La T44 devient ainsi intimement associée aux GT40 Mk II et Mk IV équipées du 427. Les GT40 Mk IV historiques sont notamment documentées avec une transmission Ford T44 manuelle à quatre rapports.

Attention donc à une confusion fréquente :

la T44 n'est pas une ZF.

Nous avons ici deux familles différentes :

ZF 5DS-25 = 5 rapports, principalement GT40 à moteurs plus petits.

Ford/Kar-Kraft T44 = 4 rapports, développée pour les GT40 big block 427.

Quelle boîte pour une réplique de GT40 ?

Sur une GT40 moderne ou une réplique, le choix dépend énormément du moteur, du niveau d'authenticité recherché et surtout du couple à transmettre.

Une reproduction très fidèle d'une Mk I cherchera naturellement à se rapprocher de la philosophie ZF 5DS-25.

Une reproduction de Mk II équipée d'un véritable 427 FE pose des contraintes beaucoup plus importantes en matière de transmission.

Les constructeurs modernes peuvent donc utiliser différentes transaxles contemporaines afin d'obtenir davantage de fiabilité et de disponibilité des pièces.

Une GT40 de route n'a pas nécessairement besoin de reproduire chaque faiblesse d'une GT40 de 1965 pour être agréable à conduire.

L'authenticité absolue est une philosophie.

La fiabilité moderne en est une autre.

Toploader, Tremec ou ZF : laquelle choisir ?

Pour une Cobra historique ou une réplique très fidèle, la Ford Toploader demeure probablement la boîte la plus emblématique.
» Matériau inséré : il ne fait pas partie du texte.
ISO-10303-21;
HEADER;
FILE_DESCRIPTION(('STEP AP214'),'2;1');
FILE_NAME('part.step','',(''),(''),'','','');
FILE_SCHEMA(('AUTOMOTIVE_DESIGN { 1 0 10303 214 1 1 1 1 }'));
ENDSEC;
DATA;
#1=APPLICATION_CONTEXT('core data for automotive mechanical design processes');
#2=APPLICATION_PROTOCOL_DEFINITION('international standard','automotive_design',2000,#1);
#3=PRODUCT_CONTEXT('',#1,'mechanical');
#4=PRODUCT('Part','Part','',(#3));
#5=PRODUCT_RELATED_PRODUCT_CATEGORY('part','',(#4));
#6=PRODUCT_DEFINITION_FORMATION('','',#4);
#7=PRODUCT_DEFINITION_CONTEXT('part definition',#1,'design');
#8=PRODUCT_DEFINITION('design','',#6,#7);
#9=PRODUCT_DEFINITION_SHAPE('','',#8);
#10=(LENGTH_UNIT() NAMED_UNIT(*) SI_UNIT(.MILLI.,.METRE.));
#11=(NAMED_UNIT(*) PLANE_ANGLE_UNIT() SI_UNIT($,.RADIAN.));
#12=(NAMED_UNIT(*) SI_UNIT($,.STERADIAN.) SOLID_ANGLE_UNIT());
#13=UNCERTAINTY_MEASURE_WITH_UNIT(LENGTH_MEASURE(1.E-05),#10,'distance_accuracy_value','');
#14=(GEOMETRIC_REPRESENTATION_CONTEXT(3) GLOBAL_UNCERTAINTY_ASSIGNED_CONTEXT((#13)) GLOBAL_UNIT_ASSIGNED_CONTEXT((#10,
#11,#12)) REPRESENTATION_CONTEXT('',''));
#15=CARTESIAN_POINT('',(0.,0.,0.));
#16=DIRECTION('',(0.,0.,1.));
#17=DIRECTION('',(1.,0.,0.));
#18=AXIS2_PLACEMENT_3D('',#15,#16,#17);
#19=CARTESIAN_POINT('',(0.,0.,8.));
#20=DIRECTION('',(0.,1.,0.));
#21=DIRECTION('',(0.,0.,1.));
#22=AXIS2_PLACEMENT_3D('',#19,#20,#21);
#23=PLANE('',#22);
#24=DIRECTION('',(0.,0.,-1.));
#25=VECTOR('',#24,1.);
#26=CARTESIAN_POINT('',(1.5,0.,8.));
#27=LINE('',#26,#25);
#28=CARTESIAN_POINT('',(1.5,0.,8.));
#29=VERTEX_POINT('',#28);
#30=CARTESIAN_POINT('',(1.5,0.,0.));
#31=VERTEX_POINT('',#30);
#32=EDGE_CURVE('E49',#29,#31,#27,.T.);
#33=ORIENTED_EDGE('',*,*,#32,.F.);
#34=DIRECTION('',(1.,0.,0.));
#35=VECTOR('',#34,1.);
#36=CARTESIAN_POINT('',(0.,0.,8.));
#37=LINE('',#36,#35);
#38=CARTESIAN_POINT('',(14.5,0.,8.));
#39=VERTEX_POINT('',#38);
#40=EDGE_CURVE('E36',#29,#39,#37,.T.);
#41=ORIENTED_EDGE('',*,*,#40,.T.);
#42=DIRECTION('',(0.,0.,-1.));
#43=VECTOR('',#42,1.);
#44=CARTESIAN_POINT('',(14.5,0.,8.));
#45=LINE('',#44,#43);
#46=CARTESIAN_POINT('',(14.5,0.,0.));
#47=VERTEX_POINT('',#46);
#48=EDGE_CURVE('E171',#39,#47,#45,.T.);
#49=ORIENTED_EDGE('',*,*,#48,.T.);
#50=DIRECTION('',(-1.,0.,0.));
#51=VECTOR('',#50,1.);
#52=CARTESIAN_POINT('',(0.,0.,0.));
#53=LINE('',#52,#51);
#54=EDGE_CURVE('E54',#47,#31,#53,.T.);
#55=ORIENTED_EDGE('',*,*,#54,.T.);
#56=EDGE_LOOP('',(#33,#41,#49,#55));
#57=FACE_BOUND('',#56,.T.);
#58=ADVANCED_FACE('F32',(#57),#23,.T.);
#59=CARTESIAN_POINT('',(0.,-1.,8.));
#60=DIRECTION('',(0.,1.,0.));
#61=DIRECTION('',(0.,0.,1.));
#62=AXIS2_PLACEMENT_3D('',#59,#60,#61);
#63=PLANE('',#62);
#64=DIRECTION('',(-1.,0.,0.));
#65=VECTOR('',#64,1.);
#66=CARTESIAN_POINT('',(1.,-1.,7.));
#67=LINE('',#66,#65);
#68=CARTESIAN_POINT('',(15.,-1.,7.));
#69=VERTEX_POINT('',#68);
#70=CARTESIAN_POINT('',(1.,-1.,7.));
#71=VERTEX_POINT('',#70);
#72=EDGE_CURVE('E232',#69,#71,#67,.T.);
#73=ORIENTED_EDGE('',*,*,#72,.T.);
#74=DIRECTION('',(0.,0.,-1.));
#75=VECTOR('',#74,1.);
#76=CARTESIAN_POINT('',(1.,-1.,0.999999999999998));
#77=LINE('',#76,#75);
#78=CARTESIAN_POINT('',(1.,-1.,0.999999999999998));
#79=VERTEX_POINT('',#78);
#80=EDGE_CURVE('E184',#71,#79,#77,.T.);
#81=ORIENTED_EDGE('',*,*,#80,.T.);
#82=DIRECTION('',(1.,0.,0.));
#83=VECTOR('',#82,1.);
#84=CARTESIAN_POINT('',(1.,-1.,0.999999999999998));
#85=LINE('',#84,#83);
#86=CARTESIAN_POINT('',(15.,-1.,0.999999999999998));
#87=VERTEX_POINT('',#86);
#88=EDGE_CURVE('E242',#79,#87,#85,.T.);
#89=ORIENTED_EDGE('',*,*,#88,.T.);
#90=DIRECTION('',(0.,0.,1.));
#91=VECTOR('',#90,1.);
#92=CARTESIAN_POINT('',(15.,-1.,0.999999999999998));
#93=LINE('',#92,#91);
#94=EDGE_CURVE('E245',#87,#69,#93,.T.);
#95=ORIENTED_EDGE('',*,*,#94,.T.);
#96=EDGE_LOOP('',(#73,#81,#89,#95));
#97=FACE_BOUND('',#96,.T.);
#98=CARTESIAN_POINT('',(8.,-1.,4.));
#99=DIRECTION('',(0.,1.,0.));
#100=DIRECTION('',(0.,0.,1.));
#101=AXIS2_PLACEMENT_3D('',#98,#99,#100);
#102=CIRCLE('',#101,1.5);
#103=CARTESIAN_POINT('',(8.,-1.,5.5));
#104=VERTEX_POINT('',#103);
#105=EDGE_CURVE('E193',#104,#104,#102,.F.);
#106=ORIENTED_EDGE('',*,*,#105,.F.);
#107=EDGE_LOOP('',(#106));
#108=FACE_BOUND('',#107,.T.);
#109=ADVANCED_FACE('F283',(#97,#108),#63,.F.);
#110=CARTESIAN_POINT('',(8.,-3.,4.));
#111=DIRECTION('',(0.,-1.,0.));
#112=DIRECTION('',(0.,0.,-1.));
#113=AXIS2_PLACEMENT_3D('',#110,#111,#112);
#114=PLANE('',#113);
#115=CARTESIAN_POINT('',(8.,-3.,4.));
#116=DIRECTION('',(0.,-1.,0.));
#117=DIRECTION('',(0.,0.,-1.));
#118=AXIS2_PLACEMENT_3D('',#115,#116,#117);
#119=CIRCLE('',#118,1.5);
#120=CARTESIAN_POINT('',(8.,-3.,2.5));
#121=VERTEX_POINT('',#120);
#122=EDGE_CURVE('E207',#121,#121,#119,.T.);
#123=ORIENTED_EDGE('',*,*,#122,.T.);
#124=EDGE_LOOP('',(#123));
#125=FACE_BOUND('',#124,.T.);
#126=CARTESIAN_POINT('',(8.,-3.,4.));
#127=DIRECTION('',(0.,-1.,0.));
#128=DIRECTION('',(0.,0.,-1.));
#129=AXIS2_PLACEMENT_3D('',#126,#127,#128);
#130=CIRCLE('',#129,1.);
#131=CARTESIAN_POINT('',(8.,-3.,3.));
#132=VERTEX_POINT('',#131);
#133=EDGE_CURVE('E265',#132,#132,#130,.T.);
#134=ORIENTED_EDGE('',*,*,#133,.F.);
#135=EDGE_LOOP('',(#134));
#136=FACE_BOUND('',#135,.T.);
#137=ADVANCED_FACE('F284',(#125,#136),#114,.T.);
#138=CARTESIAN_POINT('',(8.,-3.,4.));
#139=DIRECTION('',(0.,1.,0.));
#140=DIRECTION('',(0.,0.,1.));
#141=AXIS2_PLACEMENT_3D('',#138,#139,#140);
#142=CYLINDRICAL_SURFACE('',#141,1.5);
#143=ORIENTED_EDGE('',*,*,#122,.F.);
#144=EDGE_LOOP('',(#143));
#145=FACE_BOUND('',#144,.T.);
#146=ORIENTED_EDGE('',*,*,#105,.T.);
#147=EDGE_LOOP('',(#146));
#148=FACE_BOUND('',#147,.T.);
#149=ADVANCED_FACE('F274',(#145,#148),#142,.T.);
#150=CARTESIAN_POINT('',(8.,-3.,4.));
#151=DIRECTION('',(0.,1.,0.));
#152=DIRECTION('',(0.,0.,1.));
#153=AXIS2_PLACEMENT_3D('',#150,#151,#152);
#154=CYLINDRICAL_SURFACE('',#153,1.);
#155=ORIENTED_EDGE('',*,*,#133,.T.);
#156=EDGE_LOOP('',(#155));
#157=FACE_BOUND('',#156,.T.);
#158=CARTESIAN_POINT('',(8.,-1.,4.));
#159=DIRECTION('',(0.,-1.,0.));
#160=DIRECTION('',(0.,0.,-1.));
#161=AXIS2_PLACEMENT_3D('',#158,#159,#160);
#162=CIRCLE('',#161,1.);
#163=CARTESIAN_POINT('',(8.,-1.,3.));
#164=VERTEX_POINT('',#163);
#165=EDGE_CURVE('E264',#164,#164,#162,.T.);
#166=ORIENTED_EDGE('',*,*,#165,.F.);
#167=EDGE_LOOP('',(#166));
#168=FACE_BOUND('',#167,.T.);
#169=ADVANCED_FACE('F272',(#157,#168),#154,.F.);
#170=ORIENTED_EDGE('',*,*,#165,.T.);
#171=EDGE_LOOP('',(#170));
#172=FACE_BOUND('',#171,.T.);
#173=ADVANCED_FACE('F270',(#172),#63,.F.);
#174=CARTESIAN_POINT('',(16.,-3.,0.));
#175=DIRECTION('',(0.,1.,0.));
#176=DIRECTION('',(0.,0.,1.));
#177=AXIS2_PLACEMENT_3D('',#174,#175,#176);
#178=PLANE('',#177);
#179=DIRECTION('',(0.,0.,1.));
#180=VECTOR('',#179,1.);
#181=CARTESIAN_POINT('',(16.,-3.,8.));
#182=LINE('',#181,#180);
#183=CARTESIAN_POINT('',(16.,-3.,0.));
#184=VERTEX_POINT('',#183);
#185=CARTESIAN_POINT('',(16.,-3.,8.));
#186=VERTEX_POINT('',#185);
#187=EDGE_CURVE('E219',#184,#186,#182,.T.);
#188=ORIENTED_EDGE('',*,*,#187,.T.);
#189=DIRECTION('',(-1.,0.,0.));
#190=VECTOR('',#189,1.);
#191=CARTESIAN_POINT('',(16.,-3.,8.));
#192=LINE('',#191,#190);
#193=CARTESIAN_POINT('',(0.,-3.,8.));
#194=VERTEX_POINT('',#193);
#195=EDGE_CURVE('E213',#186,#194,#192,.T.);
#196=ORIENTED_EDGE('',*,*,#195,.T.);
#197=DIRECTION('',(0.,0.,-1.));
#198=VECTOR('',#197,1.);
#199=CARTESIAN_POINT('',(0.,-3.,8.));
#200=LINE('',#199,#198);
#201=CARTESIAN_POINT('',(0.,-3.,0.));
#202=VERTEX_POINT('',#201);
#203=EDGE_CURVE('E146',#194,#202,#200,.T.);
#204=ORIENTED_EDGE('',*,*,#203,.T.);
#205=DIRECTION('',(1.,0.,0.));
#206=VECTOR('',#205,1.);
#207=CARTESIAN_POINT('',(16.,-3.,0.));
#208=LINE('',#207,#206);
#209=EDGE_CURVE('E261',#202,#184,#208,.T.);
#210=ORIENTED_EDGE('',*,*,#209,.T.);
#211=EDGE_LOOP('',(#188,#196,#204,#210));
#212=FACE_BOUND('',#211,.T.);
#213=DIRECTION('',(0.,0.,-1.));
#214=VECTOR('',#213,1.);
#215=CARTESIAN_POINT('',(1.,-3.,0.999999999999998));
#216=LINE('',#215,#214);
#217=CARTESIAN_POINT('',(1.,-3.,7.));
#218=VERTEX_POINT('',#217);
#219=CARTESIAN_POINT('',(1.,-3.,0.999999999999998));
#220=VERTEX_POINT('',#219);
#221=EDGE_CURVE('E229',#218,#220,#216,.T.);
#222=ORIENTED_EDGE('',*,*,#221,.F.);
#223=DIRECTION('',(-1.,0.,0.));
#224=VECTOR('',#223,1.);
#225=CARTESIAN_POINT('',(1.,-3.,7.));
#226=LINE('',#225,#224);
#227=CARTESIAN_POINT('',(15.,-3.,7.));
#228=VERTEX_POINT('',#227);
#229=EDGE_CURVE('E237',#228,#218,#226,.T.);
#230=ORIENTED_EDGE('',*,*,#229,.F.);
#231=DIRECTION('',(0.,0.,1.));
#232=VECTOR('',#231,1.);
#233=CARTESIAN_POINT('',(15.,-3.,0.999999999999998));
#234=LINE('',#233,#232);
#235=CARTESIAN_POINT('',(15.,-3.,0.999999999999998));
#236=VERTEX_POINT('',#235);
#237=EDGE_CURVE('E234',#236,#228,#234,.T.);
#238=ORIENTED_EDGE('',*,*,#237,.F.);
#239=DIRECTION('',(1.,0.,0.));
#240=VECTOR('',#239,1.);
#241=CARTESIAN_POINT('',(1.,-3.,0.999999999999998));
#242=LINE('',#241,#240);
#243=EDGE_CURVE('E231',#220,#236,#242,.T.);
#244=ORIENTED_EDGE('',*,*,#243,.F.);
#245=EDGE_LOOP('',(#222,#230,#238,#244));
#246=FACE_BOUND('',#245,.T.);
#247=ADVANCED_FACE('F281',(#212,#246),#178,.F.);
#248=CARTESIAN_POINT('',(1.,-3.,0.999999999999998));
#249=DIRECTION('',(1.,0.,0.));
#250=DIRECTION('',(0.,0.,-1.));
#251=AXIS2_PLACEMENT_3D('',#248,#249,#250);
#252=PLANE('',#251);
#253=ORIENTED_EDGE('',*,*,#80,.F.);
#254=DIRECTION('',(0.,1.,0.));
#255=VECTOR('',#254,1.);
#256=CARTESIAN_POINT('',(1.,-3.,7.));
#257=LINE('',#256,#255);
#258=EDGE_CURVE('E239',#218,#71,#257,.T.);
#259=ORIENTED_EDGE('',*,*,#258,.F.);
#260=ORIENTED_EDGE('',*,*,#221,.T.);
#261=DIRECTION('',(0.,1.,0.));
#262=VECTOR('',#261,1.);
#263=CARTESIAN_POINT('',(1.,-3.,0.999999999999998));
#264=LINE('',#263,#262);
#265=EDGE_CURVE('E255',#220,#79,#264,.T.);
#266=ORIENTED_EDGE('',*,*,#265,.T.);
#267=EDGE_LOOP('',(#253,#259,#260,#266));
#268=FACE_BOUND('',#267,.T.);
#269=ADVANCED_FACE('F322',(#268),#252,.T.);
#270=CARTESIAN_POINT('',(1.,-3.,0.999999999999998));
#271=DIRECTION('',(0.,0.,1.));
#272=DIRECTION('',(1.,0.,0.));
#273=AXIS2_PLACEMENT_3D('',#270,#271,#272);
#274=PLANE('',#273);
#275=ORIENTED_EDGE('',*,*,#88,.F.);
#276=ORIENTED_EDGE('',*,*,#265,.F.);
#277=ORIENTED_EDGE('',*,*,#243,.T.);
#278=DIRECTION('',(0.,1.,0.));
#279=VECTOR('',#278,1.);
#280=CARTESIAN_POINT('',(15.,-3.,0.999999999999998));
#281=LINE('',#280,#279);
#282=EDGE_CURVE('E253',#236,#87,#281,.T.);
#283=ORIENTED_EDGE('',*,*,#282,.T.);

Elle correspond parfaitement au caractère de l'automobile :

robuste, mécanique, simple et sans délicatesse excessive.

Pour une Cobra destinée à rouler régulièrement, notamment sur autoroute, une Tremec 5 rapports devient souvent plus pertinente.

Le rapport supplémentaire transforme l'agrément de conduite sans nécessairement dénaturer l'esprit mécanique de la voiture.

Pour une GT40, la question est totalement différente.

La voiture nécessite une transaxle en raison de son architecture à moteur central arrière.

La ZF 5DS-25 reste historiquement associée aux GT40 small block, tandis que la Ford T44 représente la solution emblématique des monstrueuses GT40 Mk II et Mk IV à moteur 427.

On peut donc résumer la philosophie ainsi :

Cobra historique : Toploader.

Cobra de route moderne : Tremec.

GT40 Mk I : ZF.

GT40 Mk II 427 : T44.

Et finalement, comme pour les moteurs, la meilleure boîte n'est pas nécessairement la plus chère ou la plus impressionnante.

C'est celle qui correspond au moteur, au châssis et surtout à l'usage réel de l'automobile.